Title : The effect of bariatric surgery and weight loss on the future incidence of oestrogen-sensitive gynaecological cancers
Abstract:
Obesity is a risk factor for 13 obesity-associated cancers. This is especially so for oestrogen-sensitive gynaecological cancers including endometrial, breast, and ovarian malignancies. Women with obesity also have a poorer prognosis after treatment for oestrogen-sensitive cancers. Our meta-analysis of outcomes after bariatric surgery (BMS) found weight loss was associated with a reduced overall incidence of cancer (RR=0.62, 95%CI 0.46–0.84, p <0.002), obesity-related cancer (RR=0.59,95%CI 0.39–0.90, p =0.01) and cancer-associated mortality (RR=0.51,95%CI 0.42–0.62, p <0.00001). In specific cancers, bariatric surgery was associated with reduction in the future incidence of HCC (RR=0.35,95%CI 0.22–0.55, p <0.00001), CRC (RR=0.63,95%CI 0.50–0.81, p =0.0002), PDAC (RR=0.52, 95%CI 0.29–0.93, p =0.03) and gallbladder cancer (RR=0.41,95%CI 0.18–0.96, p =0.04), as well as female specific cancers, including breast cancer (RR=0.56,95%CI 0.44–0.71, p <0.00001), endometrial cancer (RR=0.38,95%CI 0.26–0.55, p <0.00001) and ovarian cancer (RR=0.45,95%CI 0.31–0.64, p <0.0001).

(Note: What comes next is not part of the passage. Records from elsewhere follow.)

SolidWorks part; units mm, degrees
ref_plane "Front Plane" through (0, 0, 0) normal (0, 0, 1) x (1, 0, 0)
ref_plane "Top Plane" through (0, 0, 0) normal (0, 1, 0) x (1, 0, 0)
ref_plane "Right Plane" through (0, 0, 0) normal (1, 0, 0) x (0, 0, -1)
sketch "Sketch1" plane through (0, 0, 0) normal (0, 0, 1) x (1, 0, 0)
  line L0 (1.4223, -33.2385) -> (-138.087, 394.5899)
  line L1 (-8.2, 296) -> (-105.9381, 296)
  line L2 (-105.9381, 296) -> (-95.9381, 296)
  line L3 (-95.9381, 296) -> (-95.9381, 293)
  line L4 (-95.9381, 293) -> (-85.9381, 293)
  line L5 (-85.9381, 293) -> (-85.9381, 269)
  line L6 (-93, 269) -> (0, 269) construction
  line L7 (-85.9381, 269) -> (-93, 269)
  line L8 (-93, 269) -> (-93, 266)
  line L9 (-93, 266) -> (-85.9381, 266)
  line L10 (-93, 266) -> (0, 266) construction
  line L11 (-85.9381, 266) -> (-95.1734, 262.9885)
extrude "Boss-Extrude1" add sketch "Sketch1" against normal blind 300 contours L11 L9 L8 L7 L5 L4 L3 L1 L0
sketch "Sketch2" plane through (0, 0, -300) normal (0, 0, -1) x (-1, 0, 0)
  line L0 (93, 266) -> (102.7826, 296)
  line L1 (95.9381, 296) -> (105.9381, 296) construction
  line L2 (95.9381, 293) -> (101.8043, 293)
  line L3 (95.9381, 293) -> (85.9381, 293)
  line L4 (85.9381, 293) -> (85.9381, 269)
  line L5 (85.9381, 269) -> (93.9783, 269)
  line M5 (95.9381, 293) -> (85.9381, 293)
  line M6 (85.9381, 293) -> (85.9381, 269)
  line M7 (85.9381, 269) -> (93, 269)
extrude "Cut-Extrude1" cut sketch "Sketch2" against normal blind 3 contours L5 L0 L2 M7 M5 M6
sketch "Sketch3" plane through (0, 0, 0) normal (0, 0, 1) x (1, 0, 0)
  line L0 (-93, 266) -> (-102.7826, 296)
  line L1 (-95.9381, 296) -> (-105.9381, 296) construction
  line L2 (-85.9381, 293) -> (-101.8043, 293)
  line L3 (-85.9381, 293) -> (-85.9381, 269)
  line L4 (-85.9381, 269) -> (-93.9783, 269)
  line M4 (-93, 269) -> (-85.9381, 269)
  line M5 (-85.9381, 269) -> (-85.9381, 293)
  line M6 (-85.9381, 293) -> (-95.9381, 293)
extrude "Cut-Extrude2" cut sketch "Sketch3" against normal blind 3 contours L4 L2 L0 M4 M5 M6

Obesity-associated carcinogenesis is closely related to metabolic syndrome; visceral adipose dysfunction; WAT aromatase activity and detrimental cytokine, adipokine and exosomal miRNA release. Metaflammation in obesity is associated with increased interleukin 6 (IL-6) and TNF-α release, which activates the NF-κB signalling pathway and increases expression of the aromatase gene CYP19A1. Transcription of CYP19A1 is suppressed by p53-this is reversed by the action of both PGE2 and leptin. Under the influence of CYP19A1, adipose tissue in obese patients has increased expression of aromatase, which upregulates the synthesis of oestrone (E1) from androstenedione and 17-β-oestradiol (E2) from testosterone. These androgen precursors are derived from the adrenal cortex or the postmenopausal ovary. Oestrone is then converted to 17-β-oestradiol by 17B-HSD. 17-β-oestradiol activates ER-α receptors which promotes proliferation in hormone-sensitive (ER+) breast cancer cells via nuclear translocation of ER-α and the oestrogen response element. 17-β-oestradiol can also activate membrane-bound G-protein-coupled oestrogen receptors (GPER) which promotes triple-negative breast cancer (TNBC) and endometrial proliferation and cancer by activating cytoplasmic Src/EGFR/ERK signalling. Local tissue levels of E2 in post-menopausal breast cancers can be 50–100 times higher than in serum due to breast WAT aromatase activity. Responses to aromatase inhibitors such as anastrozole are inferior in obese patients with breast cancer vs normal weight patients, and contribute to a poorer prognosis.
Most (70%) of the increased risk of endometrial cancer in women with obesity vs women with normal weight is mediated by free E2, inflammation and hyperinsulinemia. Postmenopausal patients with T2DM have a 20% higher risk of breast cancer compared to non-diabetic women, which is independent of BMI. This association is lost in premenopausal women. Elevated levels of insulin and IGF-1 also affect cancer prognosis, with worse outcomes in patients with diabetes and hyperinsulinemia.
Meta-analyses of pooled studies have suggested bariatric surgery results in a substantial improvement in the future risk of oestrogen-sensitive cancers in women (breast, endometrial, ovarian); overall cancer incidence; non-hormonal obesity-associated cancers; and cancer-related mortality. This is related to the reversal of adipocyte dysfunction, OSA, NASH, hyperlipidaemia, aromatase activity, systemic inflammation, hyperleptinaemia/hyperinsulinaemia, and metabolic syndrome with the loss of VAT volume and decreased CLS/WAT inflammation after BMS.